E como quer que até li os Mouros eram antre si em grandes desconcertos, como atraz se disse, porém á necessidade, e perigo em que a ida do Mestre os poz, os fez logo amigos, e concordes para com iguaes corações defenderem suas pessoas e terras, pelo qual sabendo os Mouros de Farão e Tavilla, e assi os dos outros Lugares de redor, como o Mestre era fóra de Cacella, para correr, e guerrear sua terra, avisaram tambem os de Loulé para que todos no dia seguinte tivessem ao Mestre o passo, e pelejassem com elle, os quaes ao outro dia sobre este acordo se ajuntaram, e partindo foram dormir contra a serra a um logar que dizem o desbarato, e deste ajuntamento, e acordo não sendo sabedor o Mestre passou de noite mui secretamente por Loulé sem ser sentido, seguindo seu caminho direito, que vem para Tavilla, porque as suas escutas que iam de diante sentiram os Mouros naquelle lugar onde jaziam, o Mestre não quiz mais abalar, e ali de noite se deteve, e ao outro dia, como foi manhã o Mestre com sua singular, e costumada destreza de guerra ordenou suas gentes em batalhas, e guiados de sua bandeira, que levavam tendida não andaram muitos passos que logo não houveram vista dos Mouros, que jaziam em um valle escuro, os quaes vendo a pouca gente dos Christãos em comparação da muita sua que tinham, foram mui alegres, ca tiveram grande esperança de haverem victoria.

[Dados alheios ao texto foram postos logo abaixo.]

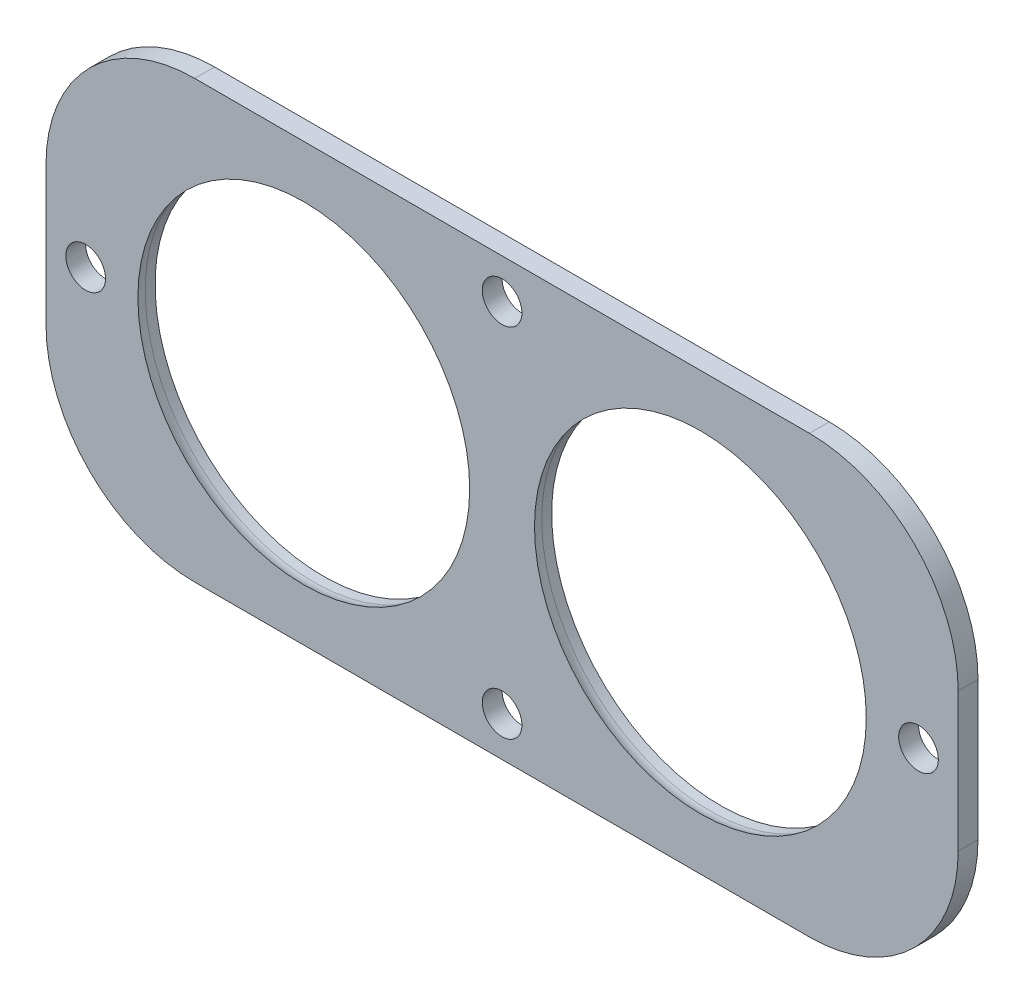
ISO-10303-21;
HEADER;
FILE_DESCRIPTION(('STEP AP214'),'2;1');
FILE_NAME('part.step','',(''),(''),'','','');
FILE_SCHEMA(('AUTOMOTIVE_DESIGN { 1 0 10303 214 1 1 1 1 }'));
ENDSEC;
DATA;
#1=APPLICATION_CONTEXT('core data for automotive mechanical design processes');
#2=APPLICATION_PROTOCOL_DEFINITION('international standard','automotive_design',2000,#1);
#3=PRODUCT_CONTEXT('',#1,'mechanical');
#4=PRODUCT('Part','Part','',(#3));
#5=PRODUCT_RELATED_PRODUCT_CATEGORY('part','',(#4));
#6=PRODUCT_DEFINITION_FORMATION('','',#4);
#7=PRODUCT_DEFINITION_CONTEXT('part definition',#1,'design');
#8=PRODUCT_DEFINITION('design','',#6,#7);
#9=PRODUCT_DEFINITION_SHAPE('','',#8);
#10=(LENGTH_UNIT() NAMED_UNIT(*) SI_UNIT(.MILLI.,.METRE.));
#11=(NAMED_UNIT(*) PLANE_ANGLE_UNIT() SI_UNIT($,.RADIAN.));
#12=(NAMED_UNIT(*) SI_UNIT($,.STERADIAN.) SOLID_ANGLE_UNIT());
#13=UNCERTAINTY_MEASURE_WITH_UNIT(LENGTH_MEASURE(1.E-05),#10,'distance_accuracy_value','');
#14=(GEOMETRIC_REPRESENTATION_CONTEXT(3) GLOBAL_UNCERTAINTY_ASSIGNED_CONTEXT((#13)) GLOBAL_UNIT_ASSIGNED_CONTEXT((#10,
#11,#12)) REPRESENTATION_CONTEXT('',''));
#15=CARTESIAN_POINT('',(0.,0.,0.));
#16=DIRECTION('',(0.,0.,1.));
#17=DIRECTION('',(1.,0.,0.));
#18=AXIS2_PLACEMENT_3D('',#15,#16,#17);
#19=CARTESIAN_POINT('',(-83.3769740312584,32.2039429696115,15.7909115225376));
#20=DIRECTION('',(1.,0.,0.));
#21=DIRECTION('',(0.,0.,-1.));
#22=AXIS2_PLACEMENT_3D('',#19,#20,#21);
#23=PLANE('',#22);
#24=DIRECTION('',(0.,1.,0.));
#25=VECTOR('',#24,1.);
#26=CARTESIAN_POINT('',(-83.3769740312584,32.2039429696115,14.7909115225376));
#27=LINE('',#26,#25);
#28=CARTESIAN_POINT('',(-83.3769740312584,3.20394296961147,14.7909115225376));
#29=VERTEX_POINT('',#28);
#30=CARTESIAN_POINT('',(-83.3769740312584,17.2039429696115,14.7909115225376));
#31=VERTEX_POINT('',#30);
#32=EDGE_CURVE('E52',#29,#31,#27,.T.);
#33=ORIENTED_EDGE('',*,*,#32,.T.);
#34=DIRECTION('',(0.,0.,-1.));
#35=VECTOR('',#34,1.);
#36=CARTESIAN_POINT('',(-83.3769740312584,17.2039429696115,15.7909115225376));
#37=LINE('',#36,#35);
#38=CARTESIAN_POINT('',(-83.3769740312584,17.2039429696115,12.7909115225376));
#39=VERTEX_POINT('',#38);
#40=EDGE_CURVE('E117',#31,#39,#37,.T.);
#41=ORIENTED_EDGE('',*,*,#40,.T.);
#42=DIRECTION('',(0.,-1.,0.));
#43=VECTOR('',#42,1.);
#44=CARTESIAN_POINT('',(-83.3769740312584,32.2039429696115,12.7909115225376));
#45=LINE('',#44,#43);
#46=CARTESIAN_POINT('',(-83.3769740312584,3.20394296961147,12.7909115225376));
#47=VERTEX_POINT('',#46);
#48=EDGE_CURVE('E159',#39,#47,#45,.T.);
#49=ORIENTED_EDGE('',*,*,#48,.T.);
#50=DIRECTION('',(0.,0.,-1.));
#51=VECTOR('',#50,1.);
#52=CARTESIAN_POINT('',(-83.3769740312584,3.20394296961147,15.7909115225376));
#53=LINE('',#52,#51);
#54=EDGE_CURVE('E120',#47,#29,#53,.F.);
#55=ORIENTED_EDGE('',*,*,#54,.T.);
#56=EDGE_LOOP('',(#33,#41,#49,#55));
#57=FACE_BOUND('',#56,.T.);
#58=ADVANCED_FACE('F36',(#57),#23,.F.);
#59=CARTESIAN_POINT('',(-83.3769740312584,-11.7960570303885,15.7909115225376));
#60=DIRECTION('',(0.,1.,0.));
#61=DIRECTION('',(0.,0.,1.));
#62=AXIS2_PLACEMENT_3D('',#59,#60,#61);
#63=PLANE('',#62);
#64=DIRECTION('',(-1.,0.,0.));
#65=VECTOR('',#64,1.);
#66=CARTESIAN_POINT('',(-83.3769740312584,-11.7960570303885,14.7909115225376));
#67=LINE('',#66,#65);
#68=CARTESIAN_POINT('',(-6.37697403125836,-11.7960570303885,14.7909115225376));
#69=VERTEX_POINT('',#68);
#70=CARTESIAN_POINT('',(-68.3769740312584,-11.7960570303885,14.7909115225376));
#71=VERTEX_POINT('',#70);
#72=EDGE_CURVE('E121',#69,#71,#67,.T.);
#73=ORIENTED_EDGE('',*,*,#72,.T.);
#74=DIRECTION('',(0.,0.,-1.));
#75=VECTOR('',#74,1.);
#76=CARTESIAN_POINT('',(-68.3769740312584,-11.7960570303885,15.7909115225376));
#77=LINE('',#76,#75);
#78=CARTESIAN_POINT('',(-68.3769740312584,-11.7960570303885,12.7909115225376));
#79=VERTEX_POINT('',#78);
#80=EDGE_CURVE('E134',#71,#79,#77,.T.);
#81=ORIENTED_EDGE('',*,*,#80,.T.);
#82=DIRECTION('',(1.,0.,0.));
#83=VECTOR('',#82,1.);
#84=CARTESIAN_POINT('',(-83.3769740312584,-11.7960570303885,12.7909115225376));
#85=LINE('',#84,#83);
#86=CARTESIAN_POINT('',(-6.37697403125836,-11.7960570303885,12.7909115225376));
#87=VERTEX_POINT('',#86);
#88=EDGE_CURVE('E157',#79,#87,#85,.T.);
#89=ORIENTED_EDGE('',*,*,#88,.T.);
#90=DIRECTION('',(0.,0.,-1.));
#91=VECTOR('',#90,1.);
#92=CARTESIAN_POINT('',(-6.37697403125836,-11.7960570303885,15.7909115225376));
#93=LINE('',#92,#91);
#94=EDGE_CURVE('E129',#87,#69,#93,.F.);
#95=ORIENTED_EDGE('',*,*,#94,.T.);
#96=EDGE_LOOP('',(#73,#81,#89,#95));
#97=FACE_BOUND('',#96,.T.);
#98=ADVANCED_FACE('F226',(#97),#63,.F.);
#99=CARTESIAN_POINT('',(8.62302596874163,32.2039429696115,15.7909115225376));
#100=DIRECTION('',(-1.,0.,0.));
#101=DIRECTION('',(0.,0.,1.));
#102=AXIS2_PLACEMENT_3D('',#99,#100,#101);
#103=PLANE('',#102);
#104=DIRECTION('',(0.,-1.,0.));
#105=VECTOR('',#104,1.);
#106=CARTESIAN_POINT('',(8.62302596874163,32.2039429696115,14.7909115225376));
#107=LINE('',#106,#105);
#108=CARTESIAN_POINT('',(8.62302596874163,17.2039429696115,14.7909115225376));
#109=VERTEX_POINT('',#108);
#110=CARTESIAN_POINT('',(8.62302596874163,3.20394296961147,14.7909115225376));
#111=VERTEX_POINT('',#110);
#112=EDGE_CURVE('E203',#109,#111,#107,.T.);
#113=ORIENTED_EDGE('',*,*,#112,.T.);
#114=DIRECTION('',(0.,0.,-1.));
#115=VECTOR('',#114,1.);
#116=CARTESIAN_POINT('',(8.62302596874163,3.20394296961147,15.7909115225376));
#117=LINE('',#116,#115);
#118=CARTESIAN_POINT('',(8.62302596874163,3.20394296961147,12.7909115225376));
#119=VERTEX_POINT('',#118);
#120=EDGE_CURVE('E139',#111,#119,#117,.T.);
#121=ORIENTED_EDGE('',*,*,#120,.T.);
#122=DIRECTION('',(0.,1.,0.));
#123=VECTOR('',#122,1.);
#124=CARTESIAN_POINT('',(8.62302596874163,32.2039429696115,12.7909115225376));
#125=LINE('',#124,#123);
#126=CARTESIAN_POINT('',(8.62302596874163,17.2039429696115,12.7909115225376));
#127=VERTEX_POINT('',#126);
#128=EDGE_CURVE('E154',#119,#127,#125,.T.);
#129=ORIENTED_EDGE('',*,*,#128,.T.);
#130=DIRECTION('',(0.,0.,-1.));
#131=VECTOR('',#130,1.);
#132=CARTESIAN_POINT('',(8.62302596874163,17.2039429696115,15.7909115225376));
#133=LINE('',#132,#131);
#134=EDGE_CURVE('E136',#127,#109,#133,.F.);
#135=ORIENTED_EDGE('',*,*,#134,.T.);
#136=EDGE_LOOP('',(#113,#121,#129,#135));
#137=FACE_BOUND('',#136,.T.);
#138=ADVANCED_FACE('F207',(#137),#103,.F.);
#139=CARTESIAN_POINT('',(-83.3769740312584,32.2039429696115,15.7909115225376));
#140=DIRECTION('',(0.,-1.,0.));
#141=DIRECTION('',(0.,0.,-1.));
#142=AXIS2_PLACEMENT_3D('',#139,#140,#141);
#143=PLANE('',#142);
#144=DIRECTION('',(1.,0.,0.));
#145=VECTOR('',#144,1.);
#146=CARTESIAN_POINT('',(-83.3769740312584,32.2039429696115,14.7909115225376));
#147=LINE('',#146,#145);
#148=CARTESIAN_POINT('',(-68.3769740312584,32.2039429696115,14.7909115225376));
#149=VERTEX_POINT('',#148);
#150=CARTESIAN_POINT('',(-6.37697403125836,32.2039429696115,14.7909115225376));
#151=VERTEX_POINT('',#150);
#152=EDGE_CURVE('E106',#149,#151,#147,.T.);
#153=ORIENTED_EDGE('',*,*,#152,.T.);
#154=DIRECTION('',(0.,0.,-1.));
#155=VECTOR('',#154,1.);
#156=CARTESIAN_POINT('',(-6.37697403125836,32.2039429696115,15.7909115225376));
#157=LINE('',#156,#155);
#158=CARTESIAN_POINT('',(-6.37697403125836,32.2039429696115,12.7909115225376));
#159=VERTEX_POINT('',#158);
#160=EDGE_CURVE('E147',#151,#159,#157,.T.);
#161=ORIENTED_EDGE('',*,*,#160,.T.);
#162=DIRECTION('',(-1.,0.,0.));
#163=VECTOR('',#162,1.);
#164=CARTESIAN_POINT('',(-83.3769740312584,32.2039429696115,12.7909115225376));
#165=LINE('',#164,#163);
#166=CARTESIAN_POINT('',(-68.3769740312584,32.2039429696115,12.7909115225376));
#167=VERTEX_POINT('',#166);
#168=EDGE_CURVE('E151',#159,#167,#165,.T.);
#169=ORIENTED_EDGE('',*,*,#168,.T.);
#170=DIRECTION('',(0.,0.,-1.));
#171=VECTOR('',#170,1.);
#172=CARTESIAN_POINT('',(-68.3769740312584,32.2039429696115,15.7909115225376));
#173=LINE('',#172,#171);
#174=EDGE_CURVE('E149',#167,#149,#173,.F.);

E o Mestre sem mais detença rijamente deu nelles, em que logo achou grande esforço, e mui perigosa resistencia, pelo qual antre todos se travou mui crua e bem ferida batalha, em que a victoria por grande espaço esteve em balança, mas em fim não podendo os Mouros já soffrer aos Christãos nem ás mortes, e feridas, que de suas mãos recebiam, volveram-lhe as costas, e com desacordada fogida, cada um procurou de salvar sua vida. Nesta batalha foram dos Mouros muitos mortos, e feridos, e os que escaparam acolheram-se a um Lugar, que chamam o Furadoiro, que vem donde foi esta peleja caminho da fonte que ora dizem do Bispo, e porém os Christãos por a qualidade da fronta não ficaram sem sua parte de dano, mas este não acho escrito quanto seria, sómente que o Mestre e os seus pelo grande trabalho, e muito cançasso da batalha não seguiram o alcanço dos Mouros, e se recolheram.
CAPITULO VII
Do acordo que os Mouros fizeram contra o Mestre, e como houveram com elle batalha em que foram vencidos
Os Mouros de toda a terra, por este destroço, e desbarato, que houveram mostraram muito nojo, e grande tristeza, em especial os de Tavilla, porque tinham imigos tão fortes junto comsigo, os quaes naquella ora juntos em seu concelho diceram: «Estes christãos não temem, antes nos menos prezam, e não é sem rezão, porque ou por nossa muita fraqueza, ou por nossa grande dezaventura sempre somos delles vencidos, mas agora porque elles eram seguros, e despercebidos pela victoria, que hontem de nós houveram, cuidam já que não ha em nós esforço, nem acordo para nossa vingança, ajuntemo-nos outra vez, e sem medo os vamos commetter e sem duvida nós os desbarataremos, e com sua perda os lançaremos da terra, que é nossa».